PremierPaintingMa, you strike me as someone who's genuinely interested in providing top quality results. While a lot of good suggestions have been made regarding some of the best alternative products, IMHO, I wouldn't use this job as a testing ground for anything new.

You've made it this far most likely because of the quality work you do, so I'd suggest you focus your efforts on conveying why your methods and products are the best... If you're the painter who'll be doing the work. 

It's a big red flag for me when I begin a project by having someone tell me I can't use specific products, (especially when I know I could achieve my best finish with those products).

Keep us posted. Interested to know what comes of this. Good luck.


----------



## slinger58 (Feb 11, 2013)

Another case of a designer stepping outside their area of expertise. :yes:


----------



## thinkpainting/nick (Dec 25, 2012)

Advance primer does not stop bleed and finishes up very soft. You guys on north shore get all the good ones. Nice job good luck.. No builders down this way like that it's all low ad blow no matter what the job.


----------



## PremierPaintingMa (Nov 30, 2014)

stelzerpaintinginc. said:


> PremierPaintingMa, you strike me as someone who's genuinely interested in providing top quality results.

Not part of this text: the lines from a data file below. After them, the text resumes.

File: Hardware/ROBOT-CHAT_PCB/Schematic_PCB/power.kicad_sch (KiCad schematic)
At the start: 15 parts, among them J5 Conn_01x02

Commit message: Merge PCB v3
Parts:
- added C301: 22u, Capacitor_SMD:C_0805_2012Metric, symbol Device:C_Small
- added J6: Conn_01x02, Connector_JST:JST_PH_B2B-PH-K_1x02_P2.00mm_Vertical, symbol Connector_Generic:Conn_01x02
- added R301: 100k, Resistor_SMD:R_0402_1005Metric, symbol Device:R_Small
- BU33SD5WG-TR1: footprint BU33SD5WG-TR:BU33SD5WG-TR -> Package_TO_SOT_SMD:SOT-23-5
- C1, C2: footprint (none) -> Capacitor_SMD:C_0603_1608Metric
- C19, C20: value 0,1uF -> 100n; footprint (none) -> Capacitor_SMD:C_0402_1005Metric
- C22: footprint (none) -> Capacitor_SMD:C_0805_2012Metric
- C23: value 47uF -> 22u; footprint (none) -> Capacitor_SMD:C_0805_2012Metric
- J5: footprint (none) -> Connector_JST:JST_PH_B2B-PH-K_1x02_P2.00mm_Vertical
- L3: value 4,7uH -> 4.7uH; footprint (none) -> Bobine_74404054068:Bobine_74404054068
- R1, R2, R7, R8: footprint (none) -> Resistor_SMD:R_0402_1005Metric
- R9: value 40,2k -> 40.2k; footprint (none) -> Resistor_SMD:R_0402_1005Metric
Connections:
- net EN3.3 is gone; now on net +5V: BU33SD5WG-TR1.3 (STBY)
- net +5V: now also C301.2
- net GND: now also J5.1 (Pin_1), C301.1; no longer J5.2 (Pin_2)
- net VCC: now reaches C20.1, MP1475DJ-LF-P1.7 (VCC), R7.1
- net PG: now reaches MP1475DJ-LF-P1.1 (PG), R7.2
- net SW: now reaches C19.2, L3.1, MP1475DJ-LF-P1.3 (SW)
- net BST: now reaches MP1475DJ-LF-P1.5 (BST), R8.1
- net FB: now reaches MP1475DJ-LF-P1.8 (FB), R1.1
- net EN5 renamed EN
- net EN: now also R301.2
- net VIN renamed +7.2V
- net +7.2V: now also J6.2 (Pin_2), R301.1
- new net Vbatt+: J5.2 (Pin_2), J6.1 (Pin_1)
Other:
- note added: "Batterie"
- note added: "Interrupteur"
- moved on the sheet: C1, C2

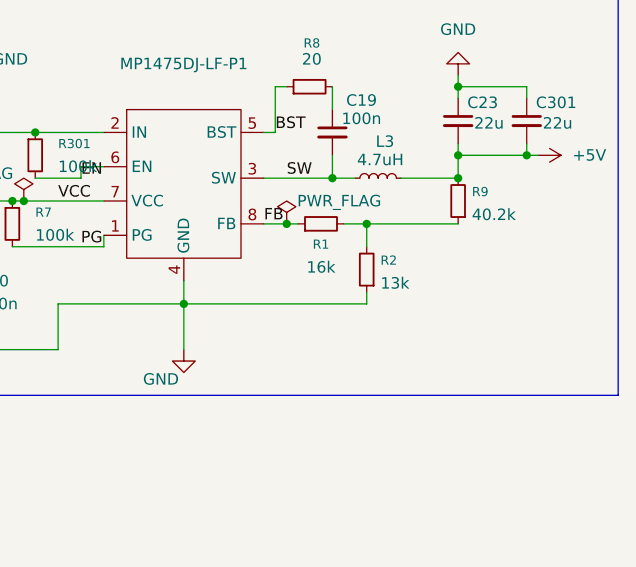
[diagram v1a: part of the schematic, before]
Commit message: Deleted antenna space btw signals and change R2 value
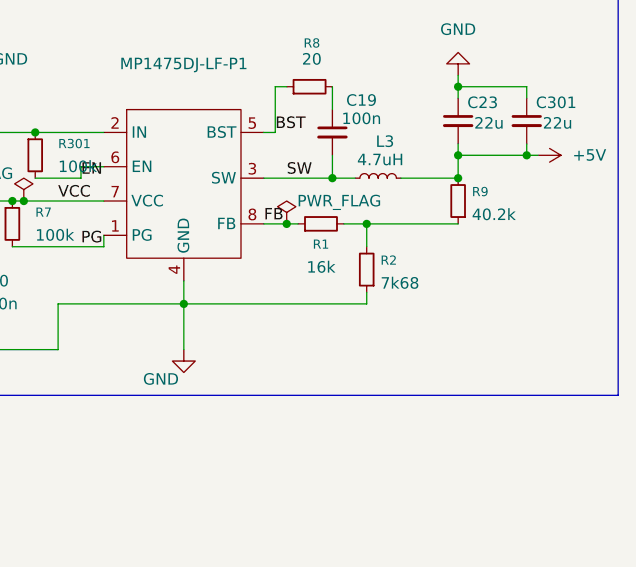
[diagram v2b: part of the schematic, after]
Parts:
- R2: value 13k -> 7k68
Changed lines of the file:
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@@
 			)
 		)
-		(property "Value" "13k"
+		(property "Value" "7k68"
 			(at 249.174 52.324 0)
 			(effects

While a lot of good suggestions have been made regarding some of the best alternative products, IMHO, I wouldn't use this job as a testing ground for anything new.
> 
> You've made it this far most likely because of the quality work you do, so I'd suggest you focus your efforts on conveying why your methods and products are the best... If you're the painter who'll be doing the work.
> 
> ...


stelzerpaintinginc! I am grateful to your advise.
I always do my best to provide the best quality Materials and works to all my clients.
To be honest to be honest with you I was a bit disturb with the designer that suggested to the HO's not oil primer it created some kind of hysteria to the HO's wife. That said, I never gave up on using oil primer on this job, as I told the GC to set a meeting with the HO alone to explain to what kind of problem may come up with WB primer such as tanning/bleeding. I get a call today from the GC and I am set to go with the job the way I normally proceed.
Thanks Dan.


----------



## PremierPaintingMa (Nov 30, 2014)

thinkpainting/nick said:


> Advance primer does not stop bleed and finishes up very soft. You guys on north shore get all the good ones. Nice job good luck.. No builders down this way like that it's all low ad blow no matter what the job.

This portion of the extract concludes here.